Сексуальная энергия — мощнейшая энергия у человека. Она сосредоточена внизу живота. Именно из-за нее случаются драки, войны, убийства, катастрофы. Но она же рождает доброту, привязанность, любовь.
Наши отношения с Улаем длились 12 лет. И, когда мы решили разойтись, каждый из нас пошел вдоль Великой Китайской стены с разных сторон: Улай — из пустыни Гоби, я — от Желтого моря. Мы прошли десятки тысяч километров навстречу друг к другу, просто чтобы сказать: «Прощай»… К финалу этого путешествия мне было 40 лет. Я чувствовала себя толстой, уродливой, нежеланной. Мне казалось, это конец всего.
В этом расставании для меня была важная задача — избавиться от своего женского эго. Обрести себя как свободную сущность. Но мне не удалось побороть свою женскую сущность. Я впала в депрессию и еле справилась с ней.

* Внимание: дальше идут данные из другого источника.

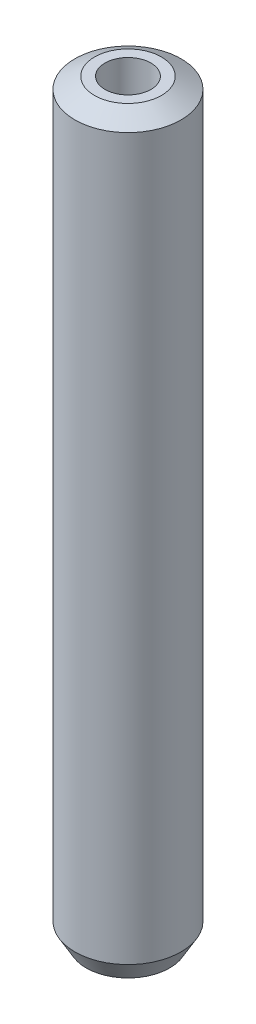
ISO-10303-21;
HEADER;
FILE_DESCRIPTION(('STEP AP214'),'2;1');
FILE_NAME('part.step','',(''),(''),'','','');
FILE_SCHEMA(('AUTOMOTIVE_DESIGN { 1 0 10303 214 1 1 1 1 }'));
ENDSEC;
DATA;
#1=APPLICATION_CONTEXT('core data for automotive mechanical design processes');
#2=APPLICATION_PROTOCOL_DEFINITION('international standard','automotive_design',2000,#1);
#3=PRODUCT_CONTEXT('',#1,'mechanical');
#4=PRODUCT('Part','Part','',(#3));
#5=PRODUCT_RELATED_PRODUCT_CATEGORY('part','',(#4));
#6=PRODUCT_DEFINITION_FORMATION('','',#4);
#7=PRODUCT_DEFINITION_CONTEXT('part definition',#1,'design');
#8=PRODUCT_DEFINITION('design','',#6,#7);
#9=PRODUCT_DEFINITION_SHAPE('','',#8);
#10=(LENGTH_UNIT() NAMED_UNIT(*) SI_UNIT(.MILLI.,.METRE.));
#11=(NAMED_UNIT(*) PLANE_ANGLE_UNIT() SI_UNIT($,.RADIAN.));
#12=(NAMED_UNIT(*) SI_UNIT($,.STERADIAN.) SOLID_ANGLE_UNIT());
#13=UNCERTAINTY_MEASURE_WITH_UNIT(LENGTH_MEASURE(1.E-05),#10,'distance_accuracy_value','');
#14=(GEOMETRIC_REPRESENTATION_CONTEXT(3) GLOBAL_UNCERTAINTY_ASSIGNED_CONTEXT((#13)) GLOBAL_UNIT_ASSIGNED_CONTEXT((#10,
#11,#12)) REPRESENTATION_CONTEXT('',''));
#15=CARTESIAN_POINT('',(0.,0.,0.));
#16=DIRECTION('',(0.,0.,1.));
#17=DIRECTION('',(1.,0.,0.));
#18=AXIS2_PLACEMENT_3D('',#15,#16,#17);
#19=CARTESIAN_POINT('',(0.,212.484828403681,0.));
#20=DIRECTION('',(0.,-1.,0.));
#21=DIRECTION('',(0.,0.,-1.));
#22=AXIS2_PLACEMENT_3D('',#19,#20,#21);
#23=CYLINDRICAL_SURFACE('',#22,15.);
#24=CARTESIAN_POINT('',(0.,209.27934049423,0.));
#25=DIRECTION('',(0.,1.,0.));
#26=DIRECTION('',(0.,0.,1.));
#27=AXIS2_PLACEMENT_3D('',#24,#25,#26);
#28=CIRCLE('',#27,15.);
#29=CARTESIAN_POINT('',(0.,209.27934049423,15.));
#30=VERTEX_POINT('',#29);
#31=EDGE_CURVE('E50',#30,#30,#28,.F.);
#32=ORIENTED_EDGE('',*,*,#31,.T.);
#33=EDGE_LOOP('',(#32));
#34=FACE_BOUND('',#33,.T.);
#35=CARTESIAN_POINT('',(0.,5.55206792221605,0.));
#36=DIRECTION('',(0.,1.,0.));
#37=DIRECTION('',(0.,0.,1.));
#38=AXIS2_PLACEMENT_3D('',#35,#36,#37);
#39=CIRCLE('',#38,15.);
#40=CARTESIAN_POINT('',(0.,5.55206792221605,15.));
#41=VERTEX_POINT('',#40);
#42=EDGE_CURVE('E51',#41,#41,#39,.T.);
#43=ORIENTED_EDGE('',*,*,#42,.T.);
#44=EDGE_LOOP('',(#43));
#45=FACE_BOUND('',#44,.T.);
#46=ADVANCED_FACE('F39',(#34,#45),#23,.T.);
#47=CARTESIAN_POINT('',(0.,212.484828403681,0.));
#48=DIRECTION('',(0.,1.,0.));
#49=DIRECTION('',(0.,0.,1.));
#50=AXIS2_PLACEMENT_3D('',#47,#48,#49);
#51=PLANE('',#50);
#52=CARTESIAN_POINT('',(0.,212.484828403681,0.));
#53=DIRECTION('',(0.,1.,0.));
#54=DIRECTION('',(0.,0.,1.));
#55=AXIS2_PLACEMENT_3D('',#52,#53,#54);
#56=CIRCLE('',#55,9.44793207778386);
#57=CARTESIAN_POINT('',(0.,212.484828403681,9.44793207778386));
#58=VERTEX_POINT('',#57);
#59=EDGE_CURVE('E54',#58,#58,#56,.T.);
#60=ORIENTED_EDGE('',*,*,#59,.T.);
#61=EDGE_LOOP('',(#60));
#62=FACE_BOUND('',#61,.T.);
#63=CARTESIAN_POINT('',(0.,212.484828403681,0.));
#64=DIRECTION('',(0.,1.,0.));
#65=DIRECTION('',(0.,0.,1.));
#66=AXIS2_PLACEMENT_3D('',#63,#64,#65);
#67=CIRCLE('',#66,6.48996306931661);
#68=CARTESIAN_POINT('',(0.,212.484828403681,6.48996306931661));
#69=VERTEX_POINT('',#68);
#70=EDGE_CURVE('E58',#69,#69,#67,.T.);
#71=ORIENTED_EDGE('',*,*,#70,.F.);
#72=EDGE_LOOP('',(#71));
#73=FACE_BOUND('',#72,.T.);
#74=ADVANCED_FACE('F69',(#62,#73),#51,.T.);
#75=CARTESIAN_POINT('',(0.,0.,0.));
#76=DIRECTION('',(0.,1.,0.));
#77=DIRECTION('',(0.,0.,1.));
#78=AXIS2_PLACEMENT_3D('',#75,#76,#77);
#79=PLANE('',#78);
#80=CARTESIAN_POINT('',(0.,0.,0.));
#81=DIRECTION('',(0.,1.,0.));
#82=DIRECTION('',(0.,0.,1.));
#83=AXIS2_PLACEMENT_3D('',#80,#81,#82);
#84=CIRCLE('',#83,11.7945120905495);
#85=CARTESIAN_POINT('',(0.,0.,11.7945120905495));
#86=VERTEX_POINT('',#85);
#87=EDGE_CURVE('E10',#86,#86,#84,.F.);
#88=ORIENTED_EDGE('',*,*,#87,.T.);
#89=EDGE_LOOP('',(#88));
#90=FACE_BOUND('',#89,.T.);
#91=CARTESIAN_POINT('',(0.,0.,0.));
#92=DIRECTION('',(0.,1.,0.));
#93=DIRECTION('',(0.,0.,1.));
#94=AXIS2_PLACEMENT_3D('',#91,#92,#93);
#95=CIRCLE('',#94,6.48996306931661);
#96=CARTESIAN_POINT('',(0.,0.,6.48996306931661));
#97=VERTEX_POINT('',#96);
#98=EDGE_CURVE('E63',#97,#97,#95,.T.);
#99=ORIENTED_EDGE('',*,*,#98,.T.);
#100=EDGE_LOOP('',(#99));
#101=FACE_BOUND('',#100,.T.);
#102=ADVANCED_FACE('F75',(#90,#101),#79,.F.);
#103=CARTESIAN_POINT('',(0.,212.484828403681,0.));
#104=DIRECTION('',(0.,-1.,0.));
#105=DIRECTION('',(0.,0.,-1.));
#106=AXIS2_PLACEMENT_3D('',#103,#104,#105);
#107=CYLINDRICAL_SURFACE('',#106,6.48996306931661);
#108=ORIENTED_EDGE('',*,*,#70,.T.);
#109=EDGE_LOOP('',(#108));
#110=FACE_BOUND('',#109,.T.);
#111=ORIENTED_EDGE('',*,*,#98,.F.);
#112=EDGE_LOOP('',(#111));
#113=FACE_BOUND('',#112,.T.);
#114=ADVANCED_FACE('F70',(#110,#113),#107,.F.);
#115=CARTESIAN_POINT('',(0.,212.484828403681,0.));
#116=DIRECTION('',(0.,-1.,0.));
#117=DIRECTION('',(0.,0.,-1.));
#118=AXIS2_PLACEMENT_3D('',#115,#116,#117);
#119=CONICAL_SURFACE('',#118,9.44793207778386,1.0471975511966);
#120=ORIENTED_EDGE('',*,*,#31,.F.);
#121=EDGE_LOOP('',(#120));
#122=FACE_BOUND('',#121,.T.);
#123=ORIENTED_EDGE('',*,*,#59,.F.);
#124=EDGE_LOOP('',(#123));
#125=FACE_BOUND('',#124,.T.);
#126=ADVANCED_FACE('F81',(#122,#125),#119,.T.);
#127=CARTESIAN_POINT('',(0.,5.55206792221605,0.));
#128=DIRECTION('',(0.,1.,0.));
#129=DIRECTION('',(0.,0.,1.));
#130=AXIS2_PLACEMENT_3D('',#127,#128,#129);
#131=CONICAL_SURFACE('',#130,15.,0.523598775598301);
#132=CARTESIAN_POINT('',(0.,0.,11.7945120905495));
#133=CARTESIAN_POINT('',(0.,0.0578340408564163,11.8279025896062));
#134=CARTESIAN_POINT('',(0.,0.115668081712833,11.861293088663));
#135=CARTESIAN_POINT('',(0.,0.231336163425668,11.9280740867766));
#136=CARTESIAN_POINT('',(0.,0.289170204282085,11.9614645858333));
#137=CARTESIAN_POINT('',(0.,0.404838285994919,12.0282455839469));
#138=CARTESIAN_POINT('',(0.,0.462672326851337,12.0616360830037));
#139=CARTESIAN_POINT('',(0.,0.578340408564171,12.1284170811172));
#140=CARTESIAN_POINT('',(0.,0.636174449420588,12.161807580174));
#141=CARTESIAN_POINT('',(0.,0.751842531133422,12.2285885782876));
#142=CARTESIAN_POINT('',(0.,0.809676571989839,12.2619790773443));
#143=CARTESIAN_POINT('',(0.,0.925344653702674,12.3287600754579));
#144=CARTESIAN_POINT('',(0.,0.983178694559091,12.3621505745147));
#145=CARTESIAN_POINT('',(0.,1.09884677627193,12.4289315726282));
#146=CARTESIAN_POINT('',(0.,1.15668081712834,12.462322071685));
#147=CARTESIAN_POINT('',(0.,1.27234889884118,12.5291030697985));
#148=CARTESIAN_POINT('',(0.,1.33018293969759,12.5624935688553));
#149=CARTESIAN_POINT('',(0.,1.44585102141043,12.6292745669689));
#150=CARTESIAN_POINT('',(0.,1.50368506226685,12.6626650660256));
#151=CARTESIAN_POINT('',(0.,1.61935314397968,12.7294460641392));
#152=CARTESIAN_POINT('',(0.,1.6771871848361,12.762836563196));
#153=CARTESIAN_POINT('',(0.,1.79285526654893,12.8296175613095));
#154=CARTESIAN_POINT('',(0.,1.85068930740535,12.8630080603663));
#155=CARTESIAN_POINT('',(0.,1.96635738911818,12.9297890584799));
#156=CARTESIAN_POINT('',(0.,2.0241914299746,12.9631795575366));
#157=CARTESIAN_POINT('',(0.,2.13985951168743,13.0299605556502));
#158=CARTESIAN_POINT('',(0.,2.19769355254385,13.063351054707));
#159=CARTESIAN_POINT('',(0.,2.31336163425669,13.1301320528205));
#160=CARTESIAN_POINT('',(0.,2.3711956751131,13.1635225518773));
#161=CARTESIAN_POINT('',(0.,2.48686375682594,13.2303035499908));
#162=CARTESIAN_POINT('',(0.,2.54469779768235,13.2636940490476));
#163=CARTESIAN_POINT('',(0.,2.66036587939519,13.3304750471612));
#164=CARTESIAN_POINT('',(0.,2.71819992025161,13.363865546218));
#165=CARTESIAN_POINT('',(0.,2.83386800196444,13.4306465443315));
#166=CARTESIAN_POINT('',(0.,2.89170204282086,13.4640370433883));
#167=CARTESIAN_POINT('',(0.,3.00737012453369,13.5308180415018));
#168=CARTESIAN_POINT('',(0.,3.06520416539011,13.5642085405586));
#169=CARTESIAN_POINT('',(0.,3.18087224710294,13.6309895386722));
#170=CARTESIAN_POINT('',(0.,3.23870628795936,13.6643800377289));
#171=CARTESIAN_POINT('',(0.,3.35437436967219,13.7311610358425));
#172=CARTESIAN_POINT('',(0.,3.41220841052861,13.7645515348993));
#173=CARTESIAN_POINT('',(0.,3.52787649224145,13.8313325330128));
#174=CARTESIAN_POINT('',(0.,3.58571053309786,13.8647230320696));
#175=CARTESIAN_POINT('',(0.,3.7013786148107,13.9315040301832));
#176=CARTESIAN_POINT('',(0.,3.75921265566712,13.9648945292399));
#177=CARTESIAN_POINT('',(0.,3.87488073737995,14.0316755273535));
#178=CARTESIAN_POINT('',(0.,3.93271477823637,14.0650660264103));
#179=CARTESIAN_POINT('',(0.,4.0483828599492,14.1318470245238));
#180=CARTESIAN_POINT('',(0.,4.10621690080562,14.1652375235806));
#181=CARTESIAN_POINT('',(0.,4.22188498251845,14.2320185216941));
#182=CARTESIAN_POINT('',(0.,4.27971902337487,14.2654090207509));
#183=CARTESIAN_POINT('',(0.,4.3953871050877,14.3321900188645));
#184=CARTESIAN_POINT('',(0.,4.45322114594412,14.3655805179212));
#185=CARTESIAN_POINT('',(0.,4.56888922765695,14.4323615160348));
#186=CARTESIAN_POINT('',(0.,4.62672326851337,14.4657520150916));
#187=CARTESIAN_POINT('',(0.,4.74239135022621,14.5325330132051));
#188=CARTESIAN_POINT('',(0.,4.80022539108262,14.5659235122619));
#189=CARTESIAN_POINT('',(0.,4.91589347279546,14.6327045103755));
#190=CARTESIAN_POINT('',(0.,4.97372751365188,14.6660950094322));
#191=CARTESIAN_POINT('',(0.,5.08939559536471,14.7328760075458));
#192=CARTESIAN_POINT('',(0.,5.14722963622113,14.7662665066026));
#193=CARTESIAN_POINT('',(0.,5.26289771793396,14.8330475047161));
#194=CARTESIAN_POINT('',(0.,5.32073175879038,14.8664380037729));
#195=CARTESIAN_POINT('',(0.,5.43639984050321,14.9332190018864));
#196=CARTESIAN_POINT('',(0.,5.49423388135963,14.9666095009432));
#197=CARTESIAN_POINT('',(0.,5.55206792221605,15.));
#198=B_SPLINE_CURVE_WITH_KNOTS('',3,(#132,#133,#134,#135,#136,#137,#138,#139,#140,#141,#142,
#143,#144,#145,#146,#147,#148,#149,#150,#151,#152,#153,#154,#155,#156,#157,#158,#159,#160,#161,
#162,#163,#164,#165,#166,#167,#168,#169,#170,#171,#172,#173,#174,#175,#176,#177,#178,#179,#180,
#181,#182,#183,#184,#185,#186,#187,#188,#189,#190,#191,#192,#193,#194,#195,#196,#197),
.UNSPECIFIED.,.F.,.F.,(4,2,2,2,2,2,2,2,2,2,2,2,2,2,2,2,2,2,2,2,2,2,2,2,2,2,2,2,2,2,2,2,4),(0.,
0.200342994340658,0.400685988681315,0.601028983021973,0.801371977362631,1.00171497170329,
1.20205796604395,1.4024009603846,1.60274395472526,1.80308694906592,2.00342994340658,
2.20377293774723,2.40411593208789,2.60445892642855,2.80480192076921,3.00514491510987,
3.20548790945053,3.40583090379118,3.60617389813184,3.8065168924725,4.00685988681316,
4.20720288115381,4.40754587549447,4.60788886983513,4.80823186417579,5.00857485851645,
5.2089178528571,5.40926084719776,5.60960384153842,5.80994683587908,6.01028983021973,
6.21063282456039,6.41097581890105),.UNSPECIFIED.);
#199=EDGE_CURVE('BSEAM45',#86,#41,#198,.T.);
#200=ORIENTED_EDGE('',*,*,#87,.F.);
#201=ORIENTED_EDGE('',*,*,#42,.F.);
#202=ORIENTED_EDGE('',*,*,#199,.T.);
#203=ORIENTED_EDGE('',*,*,#199,.F.);
#204=EDGE_LOOP('',(#200,#202,#201,#203));
#205=FACE_BOUND('',#204,.T.);
#206=ADVANCED_FACE('F45',(#205),#131,.T.);
#207=CLOSED_SHELL('',(#46,#74,#102,#114,#126,#206));
#208=MANIFOLD_SOLID_BREP('B2',#207);
#209=ADVANCED_BREP_SHAPE_REPRESENTATION('',(#18,#208),#14);
#210=SHAPE_DEFINITION_REPRESENTATION(#9,#209);
ENDSEC;
END-ISO-10303-21;

Сегодня я живу в Америке — стране быстрой культуры, постоянной конкуренции. Когда я захотела провести перформанс «В присутствии художника», в ходе которого сесть напротив меня и просто посмотреть мне в глаза мог любой желающий, Музее современного искусства (МоМА) в Нью-Йорке мне выделили очень неподходящую, как тогда казалось, для этого аудиторию-атриум: рядом было кафе, люди сновали туда-сюда, мне было очень трудно стать центром внимания. Тогда я решила для себя: пространство — это торнадо, а я буду его глазом, зоной, насыщенной самой сильной энергией. И я это сделала. Люди приходили и стояли часами в очереди, чтобы просто сесть на стул напротив меня и просто посмотреть мне в глаза. При этом я была неподвижна и пассивна, а они смеялись и плакали. Почему это происходило, ведь я просто сидела? Я стала зеркалом для людей. Зеркалом, которому они могут доверить свои чувства и эмоции. Знаете, американцы — это нация таблеток. У них есть таблетки для любого состояния и от любого состояния. А тут люди вдруг живо по-настоящему открывались. Отклик был неимоверным! Этот опыт показал, насколько люди могут быть одиноки в обществе, которое устанавливает дистанцию и делает нас отчужденными и закрытыми.
Публика — это мое зеркало. А я — зеркало публики. Травмы есть у всех. Все переживали одиночество. Все боятся смерти. Все знают, что такое боль. Я отдаю людям часть себя и забираю их часть взамен.
Мне не нужен музей. Я лучше соберу стадион.